# BHA Offer



## maverick9465 (Nov 21, 2016)

Just heard this on the Meateater Podcast. Go to www.backcountryhunters.org/meateater and you can get a membership and Public Land Owner Shirt for $25. The shirt alone is $25. Great organization doing some amazing work to protect our public lands. Getting a free shirt out of it is just a bonus.


----------



## Lone_Hunter (Oct 25, 2017)

I've always wondered, how effective are they, and how much of a presence do they have in Utah? I've no problem joining an organization that lobbies for my interests (NRA), but i like to know if the money i'm tossing out the window is doing any good or not.


----------



## maverick9465 (Nov 21, 2016)

Lone_Hunter said:


> I've always wondered, how effective are they, and how much of a presence do they have in Utah? I've no problem joining an organization that lobbies for my interests (NRA), but i like to know if the money i'm tossing out the window is doing any good or not.

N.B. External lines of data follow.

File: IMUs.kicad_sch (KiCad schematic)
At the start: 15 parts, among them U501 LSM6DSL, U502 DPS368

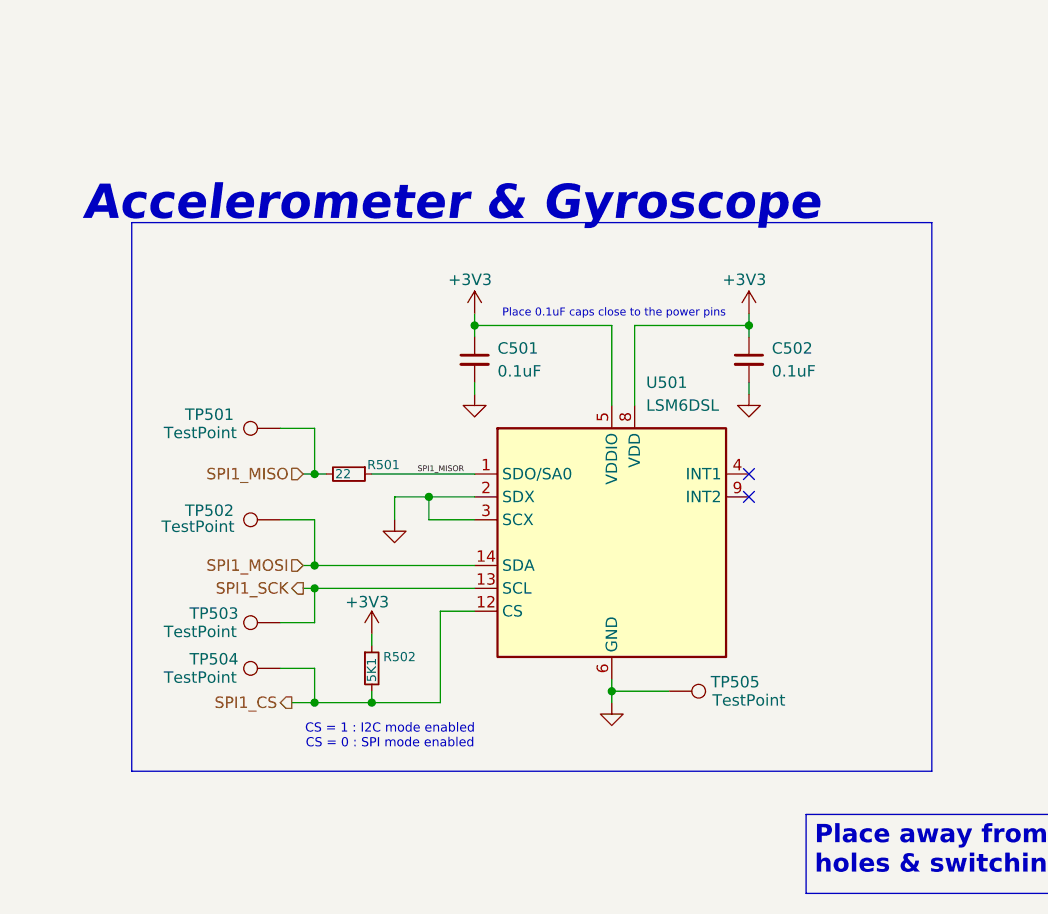
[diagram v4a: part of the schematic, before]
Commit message: refactor: change motor output, renamed power nets
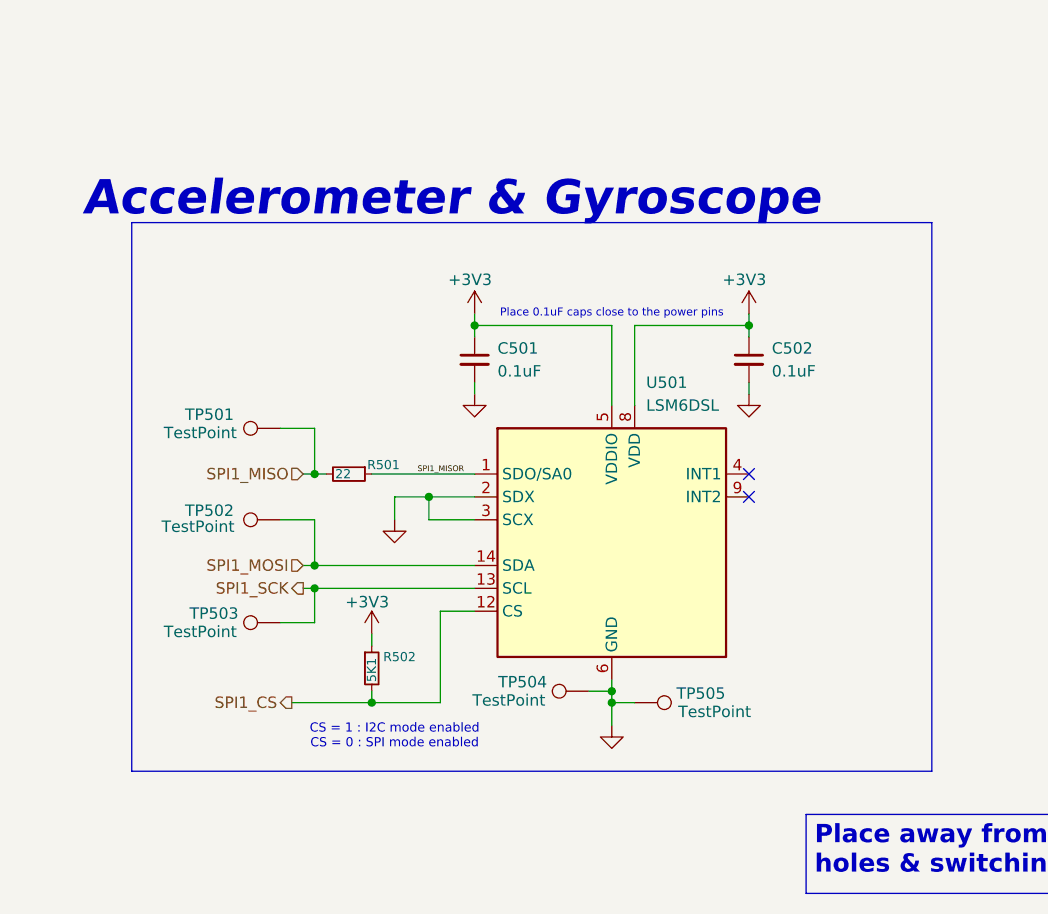
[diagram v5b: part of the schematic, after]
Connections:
- net GND: now also TP504.1
- net SPI1_CS: no longer TP504.1
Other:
- moved on the sheet: TP504, TP505
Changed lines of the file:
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@@
 	(text "Accelerometer & Gyroscope"
 		(exclude_from_sim no)
-		(at 76.2 56.388 0)
+		(at 76.2 55.88 0)
 		(effects
 			(font
@@
 	(text "CS = 1 : I2C mode enabled\nCS = 0 : SPI mode enabled"
 		(exclude_from_sim no)
-		(at 69.342 115.57 0)
+		(at 69.85 115.57 0)
 		(effects
 			(font
@@
 	(text "Place 0.1uF caps close to the power pins"
 		(exclude_from_sim no)
-		(at 94.234 68.58 0)
+		(at 93.98 68.58 0)
 		(effects
 			(font
@@
 	)
 	(junction
-		(at 78.74 69.85)
+		(at 93.98 110.49)
 		(diameter 0)
 		(color 0 0 0 0)
 	)
 	(junction
-		(at 93.98 110.49)
+		(at 78.74 69.85)
 		(diameter 0)
 		(color 0 0 0 0)
@@
 	)
 	(junction
-		(at 219.71 110.49)
+		(at 93.98 111.76)
 		(diameter 0)
 		(color 0 0 0 0)
 	)
 	(junction
-		(at 60.96 111.76)
+		(at 219.71 110.49)
 		(diameter 0)
 		(color 0 0 0 0)
@@
 	(wire
 		(pts
+			(xy 93.98 111.76) (xy 93.98 114.3)
+		)
+		(stroke
+			(width 0)
+			(type default)
+		)
+	)
+	(wire
+		(pts
 			(xy 198.12 80.01) (xy 198.12 77.47)
 		)
@@
 		)
 	)
-	(wire
-		(pts
-			(xy 60.96 107.95) (xy 60.96 111.76)
-		)
-		(stroke
-			(width 0)
-			(type default)
-		)
-	)
 	(polyline
 		(pts
@@
 	(wire
 		(pts
-			(xy 57.15 107.95) (xy 60.96 107.95)
+			(xy 93.98 109.22) (xy 93.98 110.49)
 		)
 		(stroke
@@
 	(wire
 		(pts
-			(xy 60.96 111.76) (xy 67.31 111.76)
+			(xy 58.42 111.76) (xy 67.31 111.76)
 		)
 		(stroke
@@
 	(wire
 		(pts
-			(xy 59.69 96.52) (xy 60.96 96.52)
+			(xy 93.98 110.49) (xy 93.98 111.76)
 		)
 		(stroke
@@
 	(wire
 		(pts
-			(xy 219.71 110.49) (xy 219.71 111.76)
+			(xy 59.69 96.52) (xy 60.96 96.52)
 		)
 		(stroke
@@
 	(wire
 		(pts
-			(xy 67.31 86.36) (xy 78.74 86.36)
+			(xy 219.71 110.49) (xy 219.71 111.76)
 		)
 		(stroke
@@
 	(wire
 		(pts
-			(xy 73.66 88.9) (xy 73.66 91.44)
+			(xy 67.31 86.36) (xy 78.74 86.36)
 		)
 		(stroke
@@
 	(wire
 		(pts
-			(xy 109.22 76.2) (xy 109.22 77.47)
+			(xy 73.66 88.9) (xy 73.66 91.44)
 		)
 		(stroke
@@
 	(wire
 		(pts
-			(xy 100.33 110.49) (xy 93.98 110.49)
+			(xy 109.22 76.2) (xy 109.22 77.47)
 		)
 		(stroke
@@
 	(wire
 		(pts
-			(xy 93.98 109.22) (xy 93.98 110.49)
+			(xy 218.44 107.95) (xy 218.44 110.49)
 		)
 		(stroke
@@
 	(wire
 		(pts
-			(xy 218.44 107.95) (xy 218.44 110.49)
+			(xy 73.66 91.44) (xy 78.74 91.44)
 		)
 		(stroke
@@
 	(wire
 		(pts
-			(xy 73.66 91.44) (xy 78.74 91.44)
+			(xy 91.44 110.49) (xy 93.98 110.49)
 		)
 		(stroke
@@
 	(wire
 		(pts
-			(xy 58.42 111.76) (xy 60.96 111.76)
+			(xy 93.98 111.76) (xy 96.52 111.76)
 		)
 		(stroke
@@
 	(wire
 		(pts
-			(xy 93.98 110.49) (xy 93.98 111.76)
-		)
-		(stroke
-			(width 0)
-			(type default)
-		)
-	)
-	(wire
-		(pts
 			(xy 57.15 102.87) (xy 60.96 102.87)
 		)
@@
 				)
 			)
-			(table_cell "CS1"
+			(table_cell "GND"
 				(exclude_from_sim no)
 				(at 83.82 152.8724 0)
@@
 	(symbol
 		(lib_id "Connector:TestPoint")
-		(at 100.33 110.49 270)
+		(at 96.52 111.76 270)
 		(mirror x)
 		(unit 1)
@@
 		(dnp no)
 		(property "Reference" "TP505"
-			(at 107.696 109.474 90)
+			(at 103.886 110.744 90)
 			(show_name no)
 			(do_not_autoplace no)
@@
 		)
 		(property "Value" "TestPoint"
-			(at 109.22 111.506 90)
+			(at 105.41 112.776 90)
 			(show_name no)
 			(do_not_autoplace no)
@@
 		)
 		(property "Footprint" "TestPoint:TestPoint_Pad_D1.0mm"
-			(at 100.33 105.41 0)
+			(at 96.52 106.68 0)
 			(hide yes)
 			(show_name no)
@@
 		)
 		(property "Datasheet" ""
-			(at 100.33 105.41 0)
+			(at 96.52 106.68 0)
 			(hide yes)
 			(show_name no)
@@
 		)
 		(property "Description" "test point"
-			(at 100.33 110.49 0)
+			(at 96.52 111.76 0)
 			(hide yes)
 			(show_name no)
@@
 		)
 		(property "MANUFACTURER" ""
-			(at 100.33 110.49 90)
+			(at 96.52 111.76 90)
 			(hide yes)
 			(show_name no)
@@
 	(symbol
 		(lib_id "Connector:TestPoint")
-		(at 57.15 107.95 90)
+		(at 91.44 110.49 90)
 		(unit 1)
 		(body_style 1)
@@
 		(dnp no)
 		(property "Reference" "TP504"
-			(at 49.784 106.934 90)
+			(at 84.074 109.474 90)
 			(show_name no)
 			(do_not_autoplace no)
@@
 		)
 		(property "Value" "TestPoint"
-			(at 48.26 108.966 90)
+			(at 82.55 111.506 90)
 			(show_name no)
 			(do_not_autoplace no)
@@
 		)
 		(property "Footprint" "TestPoint:TestPoint_Pad_D1.0mm"
-			(at 57.15 102.87 0)
+			(at 91.44 105.41 0)
 			(hide yes)
 			(show_name no)
@@
 		)
 		(property "Datasheet" ""
-			(at 57.15 102.87 0)
+			(at 91.44 105.41 0)
 			(hide yes)
 			(show_name no)
@@
 		)
 		(property "Description" "test point"
-			(at 57.15 107.95 0)
+			(at 91.44 110.49 0)
 			(hide yes)
 			(show_name no)
@@
 		)
 		(property "MANUFACTURER" ""
-			(at 57.15 107.95 90)
+			(at 91.44 110.49 90)
 			(hide yes)
 			(show_name no)
@@
 	(symbol
 		(lib_id "power:GND")
-		(at 93.98 111.76 0)
+		(at 93.98 114.3 0)
 		(unit 1)
 		(body_style 1)
@@
 		(fields_autoplaced yes)
 		(property "Reference" "#PWR0412"
-			(at 93.98 118.11 0)
+			(at 93.98 120.65 0)
 			(hide yes)
 			(show_name no)
@@
 		)
 		(property "Value" "GND"
-			(at 93.98 116.84 0)
+			(at 93.98 119.38 0)
 			(hide yes)
 			(show_name no)
@@
 		)
 		(property "Footprint" ""
-			(at 93.98 111.76 0)
+			(at 93.98 114.3 0)
 			(hide yes)
 			(show_name no)
@@
 		)
 		(property "Datasheet" ""
-			(at 93.98 111.76 0)
+			(at 93.98 114.3 0)
 			(hide yes)
 			(show_name no)
@@
 		)
 		(property "Description" "Power symbol creates a global label with name \"GND\" , ground"
-			(at 93.98 111.76 0)
+			(at 93.98 114.3 0)
 			(hide yes)
 			(show_name no)
@@
 	(group "LSM6DSL SPI"
 		(lib_id "IMUs:LSM6DSL SPI")
-		(members "0635d062-a8a0-4ab7-88f0-7d733a5d459c" "08d9c76a-1b18-45db-82eb-0e4626e43913"
-			"0b765e13-2ed7-432d-a697-c3ca29f49f38" "0cf15dc8-d53c-4683-8b8e-92e908175e51"
-			"0d03070e-c192-4be7-9a94-1618a9bc21cd" "0d8c7b91-da35-45af-ae05-b3e846dd5df7"
-			"13ae05c6-e3d9-49b6-8595-b7365996df05" "170664c6-93d2-4292-86fc-23b9d99fd96e"
-			"1767fb9c-70b6-4273-bfea-e756556dce41" "20165694-737b-4616-8e9a-13541052ff51"
+		(members "02271870-d62f-482c-9190-c518a8099ff0" "0635d062-a8a0-4ab7-88f0-7d733a5d459c"
+			"08d9c76a-1b18-45db-82eb-0e4626e43913" "0b765e13-2ed7-432d-a697-c3ca29f49f38"
+			"0cf15dc8-d53c-4683-8b8e-92e908175e51" "0d03070e-c192-4be7-9a94-1618a9bc21cd"
+			"0d8c7b91-da35-45af-ae05-b3e846dd5df7" "13ae05c6-e3d9-49b6-8595-b7365996df05"
+			"170664c6-93d2-4292-86fc-23b9d99fd96e" "1767fb9c-70b6-4273-bfea-e756556dce41"
+			"1c69b716-6620-4fe2-bcf3-b7e312a01343" "20165694-737b-4616-8e9a-13541052ff51"
 			"22d103fa-4aea-45ce-b705-d1b4f8811300" "2354545d-b0a0-4344-afad-e2ff9edc77de"
 			"2fe60f43-2c08-4a8c-a8c5-675dd7cd4d70" "38b28923-fb62-4ce0-801f-f4aa6228c4b2"
 			"39754c5f-3e21-4062-ae05-09c1728c5d7e" "412d77bc-9edc-44d0-9f3e-d0b2a599ffdd"
-			"50bc12aa-8f9a-4f9b-b2d9-7299a935ae70" "50febd7a-352d-4c65-b0cb-518139e5077c"
-			"52ace526-fbef-42ef-8ec4-49042cb38c17" "5469c8d6-7cbd-49e1-922e-f0e568591383"
-			"57602b03-536e-438a-85dc-25fd0f903f01" "62a35531-832c-452e-8d9f-0abf028220ed"
-			"6330f4bf-415e-4753-b8c6-d06f67f62c48" "665a796b-1f5c-4f64-820e-6bf27b1fe02f"
+			"4d0f1608-37d5-48fb-9881-102292186f8d" "50bc12aa-8f9a-4f9b-b2d9-7299a935ae70"
+			"50febd7a-352d-4c65-b0cb-518139e5077c" "52ace526-fbef-42ef-8ec4-49042cb38c17"
+			"5469c8d6-7cbd-49e1-922e-f0e568591383" "57602b03-536e-438a-85dc-25fd0f903f01"
+			"62a35531-832c-452e-8d9f-0abf028220ed" "6330f4bf-415e-4753-b8c6-d06f67f62c48"
+			"665a796b-1f5c-4f64-820e-6bf27b1fe02f" "669c7fd5-ec94-4187-9cf5-444391b4eca9"
 			"66dc0654-e60c-4bbe-8403-11d5cb7237f0" "71b85ac5-3ed6-4770-8e4a-75bc843da810"
 			"74b72755-23ff-4ccb-bf83-0421d1ba93d5" "76940594-1dae-4213-9b2b-bcc8dd82604b"
 			"7ef96c2e-f66f-40c5-9102-15e50c709d6c" "7f7d6229-e001-4ffe-9c2a-76c6d6886585"
-			"816d7a37-0b5e-4fdb-a295-fd8b0feeccf4" "85138827-62de-4748-94c0-5f3ecb8193d5"
-			"87120c0a-b8b2-43d4-acd1-1990f6fc0408" "88cee71e-28d2-4dbd-86ec-334a81b75eb3"
-			"8aa3f7a8-de52-4b5d-817a-219ec4198cb3" "8d18a69e-c242-4cf8-9f27-90c527ac26ff"
-			"8e558f2e-83f1-457f-bc6b-007efdd70686" "8f79b2a3-c12a-4c2c-b5b2-9b13de51af1d"
-			"94a9712d-524d-4a05-b78c-01201ec4167c" "a0004538-6282-42c8-b5e6-1e07503390af"
-			"aea3631f-6b1d-4c32-b3cc-d2c94224a198" "b03277cb-607d-4945-9fbd-b7127e486f3b"
-			"b27772a1-4e6b-4400-932f-c07c3d349c19" "b590be60-7cb4-4cb8-9bb7-4a80ec985545"
-			"c0cae175-4040-4baa-a449-0e1fb7770943" "d07657d3-82a4-434b-8cd6-003562c17a04"
-			"d0b0d9e1-6eda-4c21-9ba4-a6982ab1a460" "d2ced081-06a8-4a65-bad1-d48ec5a7a521"
+			"816d7a37-0b5e-4fdb-a295-fd8b0feeccf4" "82d1c826-a63f-4664-8f65-dc05eb82c265"
+			"85138827-62de-4748-94c0-5f3ecb8193d5" "87120c0a-b8b2-43d4-acd1-1990f6fc0408"
+			"88cee71e-28d2-4dbd-86ec-334a81b75eb3" "8aa3f7a8-de52-4b5d-817a-219ec4198cb3"
+			"8d18a69e-c242-4cf8-9f27-90c527ac26ff" "8e558f2e-83f1-457f-bc6b-007efdd70686"
+			"8f79b2a3-c12a-4c2c-b5b2-9b13de51af1d" "94a9712d-524d-4a05-b78c-01201ec4167c"
+			"a0004538-6282-42c8-b5e6-1e07503390af" "aea3631f-6b1d-4c32-b3cc-d2c94224a198"
+			"b03277cb-607d-4945-9fbd-b7127e486f3b" "b27772a1-4e6b-4400-932f-c07c3d349c19"
+			"b590be60-7cb4-4cb8-9bb7-4a80ec985545" "c0cae175-4040-4baa-a449-0e1fb7770943"
+			"d07657d3-82a4-434b-8cd6-003562c17a04" "d0b0d9e1-6eda-4c21-9ba4-a6982ab1a460"
 			"d4ae8920-0eb7-40fa-a104-215bc1ba82a7" "d5e7bc8b-1bed-4650-9ab9-2f97601ae224"
-			"d621e954-2bef-46f6-a896-69206058b090" "dc75e533-7be1-41b6-a29c-ae15edcd1e46"
-			"e804b3be-158c-4b5a-93ae-a4c0e2602026" "ea39a907-af77-45fe-a483-6424465d1ac2"
-			"eb9c6634-1dce-47c8-b744-7efd756a19fd" "ee743029-0630-4fdc-b3c5-bf50ecad0b3c"
+			"d621e954-2bef-46f6-a896-69206058b090" "d738dba5-7f63-429a-bb23-8feeaa84baee"
+			"e25bb97f-cc69-466d-9486-5c6e71f66ac1" "e804b3be-158c-4b5a-93ae-a4c0e2602026"
+			"ea39a907-af77-45fe-a483-6424465d1ac2" "eb9c6634-1dce-47c8-b744-7efd756a19fd"
+			"ee743029-0630-4fdc-b3c5-bf50ecad0b3c"
 		)
 	)

Very effective, in my opinion. They were the driving force behind mobilizing hunters and anglers to speak out against Chaffetz when he proposed selling public lands. He quickly backed off. Presence in Utah is growing. Good group of people. A few from BHA national and some from Utah, including the Mtn Ops co-founder recently went to D.C. for meetings with Mike Lee and others.

I think they're making public lands become more of a lightning rod issue for politicians much like the NRA has done for gun rights.


----------



## PHall (Oct 12, 2013)

Hey All!
I'm on the Utah Board for BHA here. We're approaching 700 members strong here in the state. Last year, we did a few service projects including planting forrage and habitat on Mule Deer Winter Range, cleaned up a public shooting range with collaboration from ChangeYourRange, and participated in a Public Lands Day river cleanup up in Logan. We're growing, and working on having a better presence up on the Capitol this legislative session, working to make sure that any bills will benefit sportsman and keep public lands in public hands! One of our board members recently was appointed to the Central Wasatch Committe Stakeholder board. On top of that, we have a chapter campout, monthly chapter meetings or pint nights (alternating). 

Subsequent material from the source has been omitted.